# Fort Bovisand - Plymouth (VERY pic heavy!)



## TomMurphy (Dec 3, 2015)

So I'm FINALLY back. 
I've been neglecting this because reports take so bloody long to do and I have no time at the moment. I'm currently taking the day off work with fluey stuff, so I thought I'd write this up.
As always, really pic heavy. I do this because people who live in Nottingham won't be content with seeing 5 pictures of a place 300 miles away. Close it if you don't want to see it. I don't like directing people to my other sites to try to gain followers etc. 
Please don't complain. You have been warned. 

We visited this place back in 2014. Due to it being available everywhere online I don't think anyone will have a problem with me naming it. 
Fort Bovisand was built in .... Just kidding. I won't bore you with history, you can google that stuff.

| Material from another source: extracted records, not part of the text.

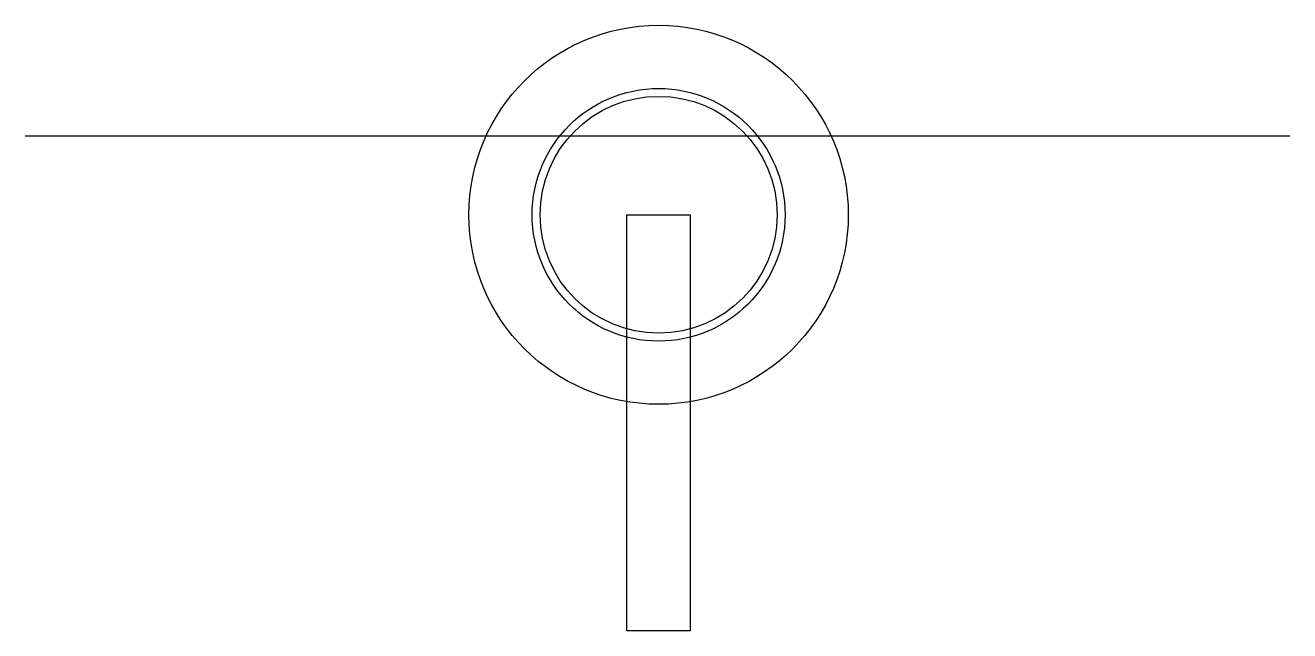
# Model space of a CAD drawing. Header units: millimetres. Extents: x -20 to 20, y -13.2 to 6.
import ezdxf

# ---------------------------------------------------------------- set-up
doc = ezdxf.new("R2010")
doc.units = ezdxf.units.MM
doc.layers.get('0').update_dxf_attribs({"linetype": 'CONTINUOUS'})

msp = doc.modelspace()

# ---------------------------------------------------------------- linework, layer by layer
msp.add_line((-20.035, 2.5), (19.965, 2.5))
msp.add_lwpolyline([(-1, 0), (1, 0), (1, -13.169), (-1, -13.169)], close=True)
for radius in [6, 4, 3.75]:
    msp.add_circle((0, 0), radius)

doc.saveas('drawing.dxf')

Following google maps on your phone is fine, unless you run out of signal and accidentally turn up at a live military base. Needless to say we turned around pretty sharpish. 
When we made it to Bovisand, I couldn't believe how huge the place was. I guess it's too out of the way to be anything useful. 

On with the pics. 

On the way!








Some kind of Military training wall we turned up at. I assumed it was to stop stray shots. Anyone? 











Where we realised this probably wasn't right. 







Bloody signal. 







Here it is! Fort Bovisand. 









Juuuuuuuust kidding. 







Some pretty cool stuff was left here. 















Look how thick this wall is!!







Mural. I've always thought that word sounds like it's an old name. 
"Great aunt Mural is coming over for tea." 
Just me? Okay then. 







On with the tour!











Why is there always a piano? 







Someone clearly ignored this sign.

















View from the roof. 







And there is ALWAYS Christmas decorations!!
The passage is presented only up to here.